The twenty-fifth president:March 4, 1897 – September 14, 1901
It has been said about President McKinley that, when he was shot, he was brought to the wrong hospital and got the wrong operation by the wrong surgeon.1
McKinley was only six months into his second term when he became the third president to be shot and killed; this was a disturbing record for a country that was still young. Abraham Lincoln had been assassinated only thirty-six years prior, and many still remembered when their twentieth president, James Garfield, died with a bullet lodged in his body in 1881, only four months into his presidency.
The Pan-American Exposition of 1901
McKinley and his wife arrived by train to the Pan-American Exposition in Buffalo, New York, on the evening of September 4. The arrival at Buffalo was triumphant.2 The following day was scheduled to be The President’s Day, giving McKinley an opportunity to give a speech at the fairgrounds in front of 50,000 cheering spectators. The speech was focused on reciprocal tariffs and treaties and would be the President’s last public oration.
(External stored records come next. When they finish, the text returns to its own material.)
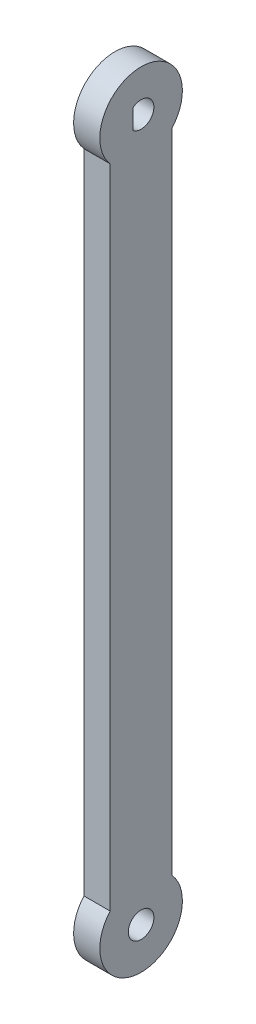
SolidWorks part; units mm, degrees
ref_plane "Front Plane" through (0, 0, 0) normal (0, 0, 1) x (1, 0, 0)
ref_plane "Top Plane" through (0, 0, 0) normal (0, 1, 0) x (1, 0, 0)
ref_plane "Right Plane" through (0, 0, 0) normal (1, 0, 0) x (0, 0, -1)
sketch "Sketch1" plane through (0, 0, 0) normal (1, 0, 0) x (0, 0, -1)
  line L0 (0, 0) -> (-3.75, -3.3072) construction
  line L2 (3.75, -3.3072) -> (3.75, -81.6928)
  line L3 (3.75, -81.6928) -> (-3.75, -81.6928) construction
  line L4 (-3.75, -3.3072) -> (-3.75, -81.6928)
  line L5 (3.75, -3.3072) -> (-3.75, -3.3072) construction
  line L6 (0, 0) -> (3.75, -3.3072) construction
  line L7 (-1, 1.1843) -> (-1, -1.1843)
  arc A0 (-1, -1.1843) -> (-1, 1.1843) centre (0, 0) ccw
  arc A1 (3.75, -3.3072) -> (-3.75, -3.3072) centre (0, 0) ccw
  arc A2 (-3.75, -81.6928) -> (3.75, -81.6928) centre (0, -85) ccw
  circle A3 centre (0, -85) radius 1.55
  point P11 (-1, -1.9728)
  point P12 (-1, 1.1843)
  dimension "D1" = 3.1
  dimension "D2" = 10
  dimension "D4" = 10
  dimension "D6" = 3.1
  dimension "D3" = 7.5
  dimension "D5" = 85
  dimension "D7" = 1
extrude "Boss-Extrude3" add sketch "Sketch1" along normal blind 3.175
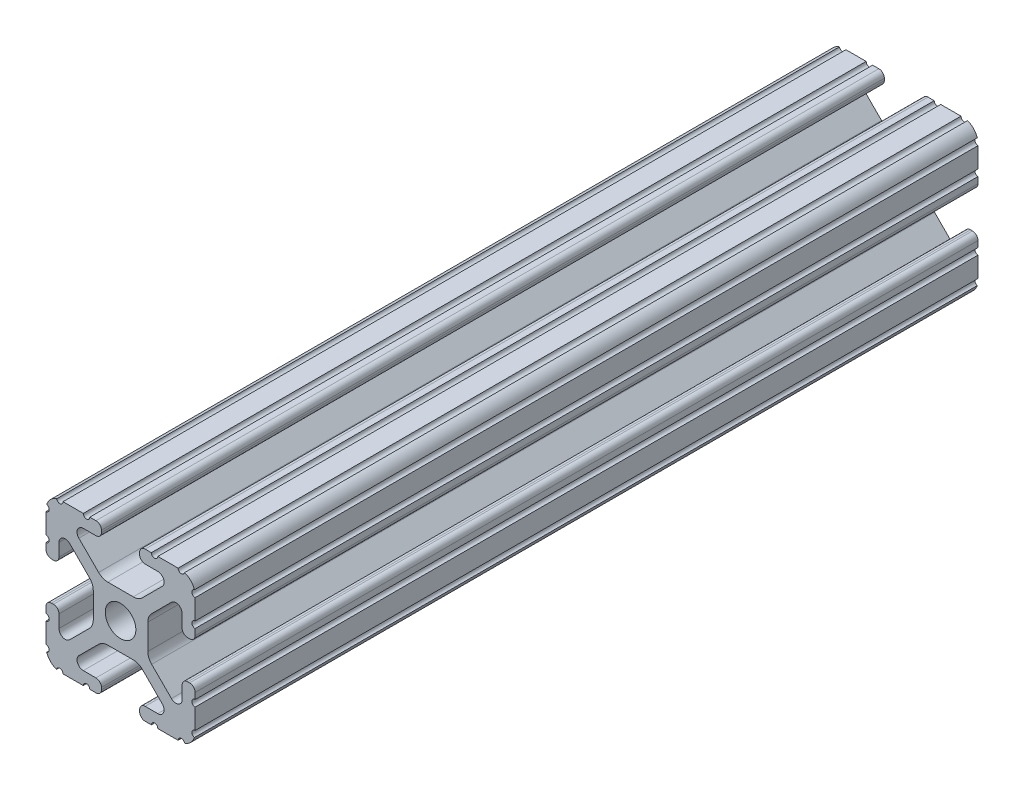
SolidWorks part; units mm, degrees
ref_plane "Front Plane" through (0, 0, 0) normal (0, 0, 1) x (1, 0, 0)
ref_plane "Top Plane" through (0, 0, 0) normal (0, 1, 0) x (1, 0, 0)
ref_plane "Right Plane" through (0, 0, 0) normal (1, 0, 0) x (0, 0, -1)
sketch "Sketch2" plane through (0, 0, 0) normal (0, 0, 1) x (1, 0, 0)
  line L0 (0, 12.7) -> (0, -12.7) construction
  line L1 (-12.7, 0) -> (12.7, 0) construction
  line L2 (3.2512, -12.7) -> (12.7, -12.7)
  line L3 (12.7, -12.7) -> (12.7, -3.2512)
  line L4 (3.2512, -12.7) -> (3.2512, -10.4902)
  line L5 (3.2512, -10.4902) -> (8.9276, -10.4902)
  line L6 (8.9276, -10.4902) -> (3.0856, -4.6482)
  line L7 (0, 0) -> (12.7, -12.7) construction
  line L8 (12.7, -3.2512) -> (10.4902, -3.2512)
  line L9 (10.4902, -3.2512) -> (10.4902, -8.9276)
  line L10 (10.4902, -8.9276) -> (4.6482, -3.0856)
  circle A0 centre (0, 0) radius 2.6035
  arc A1 (6.3485, -10.4902) -> (7.1039, -8.6665) centre (6.3485, -9.4219) ccw construction
  point P8 (0, -4.6482)
  dimension "Center Hole Diameter" = 5.207
  dimension "Rail Height" = 25.4
  dimension "Rail Width" = 25.4
  dimension "T-Slot Width" = 6.5024
  dimension "Slot Inner Width" = 14.8336
  dimension "Thickness" = 2.2098
  dimension "Slot Depth" = 5.842
  dimension "D1" = 2.2098
sketch "Sketch3" plane through (0, 0, 0) normal (1, 0, 0) x (0, 0, -1)
  line L0 (-66.675, -12.7) -> (66.675, -12.7) construction
  line L1 (-41.275, 0) -> (41.275, 0) construction
  line L3 (66.675, 0) -> (-66.675, 0) construction
sketch "Sketch4" plane through (0, 0, 0) normal (0, 0, 1) x (1, 0, 0)
  line L0 (4.1904, -12.7) -> (10.1173, -12.7)
  line L1 (3.2512, -12.7) -> (12.7, -12.7) construction
  line L2 (3.2512, -12.7) -> (3.2512, -10.4902) construction
  line L3 (3.2512, -10.4902) -> (8.9276, -10.4902) construction
  line L4 (3.2512, -11.4294) -> (3.2512, -11.7608)
  line L5 (4.1904, -10.4902) -> (6.3485, -10.4902)
  line L6 (0, -4.6482) -> (2.164, -4.6482)
  line L7 (8.9276, -10.4902) -> (3.0856, -4.6482) construction
  line L8 (3.7373, -5.2999) -> (7.1039, -8.6665)
  line L9 (12.7, -12.7) -> (12.7, -3.2512) construction
  line L10 (10.4902, -8.9276) -> (4.6482, -3.0856) construction
  line L11 (10.4902, -3.2512) -> (10.4902, -8.9276) construction
  line L12 (10.4902, -6.3485) -> (10.4902, -4.1904)
  line L13 (12.7, -3.2512) -> (10.4902, -3.2512) construction
  line L14 (11.4294, -3.2512) -> (11.7608, -3.2512)
  line L15 (12.7, -4.1904) -> (12.7, -10.1173)
  line L16 (8.6665, -7.1039) -> (5.2999, -3.7373)
  line L17 (4.6482, 0) -> (4.6482, -2.164)
  line L18 (-12.7, 0) -> (12.7, 0) construction
  line L19 (0, -4.6482) -> (0, -2.6035)
  line L20 (0, 12.7) -> (0, -12.7) construction
  line L21 (4.6482, 0) -> (2.6035, 0)
  arc A0 (3.2512, -11.7608) -> (4.1904, -12.7) centre (4.1904, -11.7608) ccw
  arc A2 (3.2512, -11.4294) -> (4.1904, -10.4902) centre (4.1904, -11.4294) cw
  arc A3 (6.3485, -10.4902) -> (7.1039, -8.6665) centre (6.3485, -9.4219) ccw
  arc A4 (2.164, -4.6482) -> (3.7373, -5.2999) centre (2.164, -6.8732) cw
  arc A5 (10.1173, -12.7) -> (12.7, -10.1173) centre (10.1173, -10.1173) ccw
  arc A6 (8.6665, -7.1039) -> (10.4902, -6.3485) centre (9.4219, -6.3485) ccw
  arc A7 (10.4902, -4.1904) -> (11.4294, -3.2512) centre (11.4294, -4.1904) cw
  arc A8 (11.7608, -3.2512) -> (12.7, -4.1904) centre (11.7608, -4.1904) cw
  arc A9 (5.2999, -3.7373) -> (4.6482, -2.164) centre (6.8732, -2.164) cw
  circle A10 centre (0, 0) radius 2.6035 construction
  arc A11 (0, -2.6035) -> (2.6035, 0) centre (0, 0) ccw
  dimension "D1" = 2.5827
  dimension "D2" = 2.225
  dimension "D3" = 0.9392
extrude "Boss-Extrude1" add sketch "Sketch4" along normal up to vertex (66.675 mm away) from vertex up to point (0, -12.7, 66.675) starting at point (0, -12.7, -66.675)
sketch "Sketch5" plane through (0, 0, 0) normal (0, 0, 1) x (1, 0, 0)
  line L0 (3.2512, -12.7) -> (12.7, -12.7) construction
  line L1 (4.1904, -10.4902) -> (6.3485, -10.4902) construction
  line L3 (0, 0) -> (12.7, -12.7) construction
  line L4 (6.3485, -10.4902) -> (6.3485, -12.7) construction
  line L5 (8.9276, -10.4902) -> (3.0856, -4.6482) construction
  circle A0 centre (10.3562, -12.7) radius 0.5524
  circle A1 centre (5.796, -12.7) radius 0.5524
  circle A2 centre (12.7, -10.3562) radius 0.5524
  circle A3 centre (12.7, -5.796) radius 0.5524
  point P10 (5.2694, -10.4902)
  point P12 (9.4219, -6.3485)
  dimension "D1" = 1.1049
extrude "Cut-Extrude1" cut sketch "Sketch5" against normal through all both and the other way through all
mirror "Mirror1" about plane through (0, 0, 0) normal (1, 0, 0) of bodies 137 134
mirror "Mirror2" about plane through (0, 0, 0) normal (0, 1, 0) of bodies 135
equation "\"D1@Sketch2\"=\"Thickness@Sketch2\""
equation "\"D2@Sketch4\"=\"Slot Inner Width@Sketch2\"*0.15"
equation "\"D1@Sketch4\"=\"D3@Sketch4\"*2.75"
equation "\"D3@Sketch4\"=\"Thickness@Sketch2\"*0.425"
equation "\"D1@Sketch5\"=\"Thickness@Sketch2\"*0.5"
equation "\"D1@Boss-Extrude1\"=\"Length@Sketch3\""

The Temple of Music, a prominent building at the Exposition, was the place where McKinley would shake hands with a long line of admirers on the day after his speech. The President’s security detail was not happy with the location. There had been rumors about anarchist plots to kill McKinley. Fearing the safety of the President, voices were raised advising the McKinley to cancel the event. The President, however, refused to change his schedule: “Why should I? No one would wish to hurt me.”3
Large numbers of well-wishers waited in line to get close to the President and shake his hand. When the assassin to be, Leon Czolgosz, finally reached the front of the line, he had his right hand covered by a white handkerchief concealing a .32-caliber Iver Johnson revolver; the President might have thought that Czolgosz was injured and reached for his left hand. That’s when two shots rang out and the music stopped.
The Shooting of President McKinley at the Temple of Music on September 6, 1901. A tabloid illustration by T. Dart Walker. Library of Congress, Prints and Photographs Division, Washington, D.C.
People behind Czolgosz immediately realized what had happened and threw the shooter to the floor. He was disarmed and received heavy beatings from fists and the artillerymen’s rifle butts. The President was carried out and loaded onto the prototype electricity-powered ambulance displayed at the fair and rushed to the Exposition Emergency Hospital.
The prototype electric ambulance exhibited at the Pan-American Exposition of 1901. Library of Congress, Prints and Photographs Division, Washington, D.C.
The news about the shooting of McKkinley spread like wildfire. On Saturday morning, big headlines were on the front pages of newspapers all over the country. The name of the perpetrator was known immediately and the fact that he was an anarchist was trumpeted out. Despite having received two shots, the initial reporting on McKinley’s condition was hopeful. The developments over the next week were widely covered by the press, and when the President’s condition worsened, everybody was pausing. His death would mourned by the whole nation.
Baltimore Sun, Saturday, September 7, 1901.
The surgery
When McKinley arrived at the Exposition Hospital, nurses immediately set up the operating room and commenced a frantic search for doctors. One of the most famous physicians in Buffalo at the time was Dr. Roswell Park. He was an expert surgeon and had experience with trauma and abdominal gunshot wounds and he was the medical director of the Exposition. He would have been the obvious choice if surgery would be needed. Unfortunately, however, he was out of town, performing an operation in a hospital at Niagara Falls.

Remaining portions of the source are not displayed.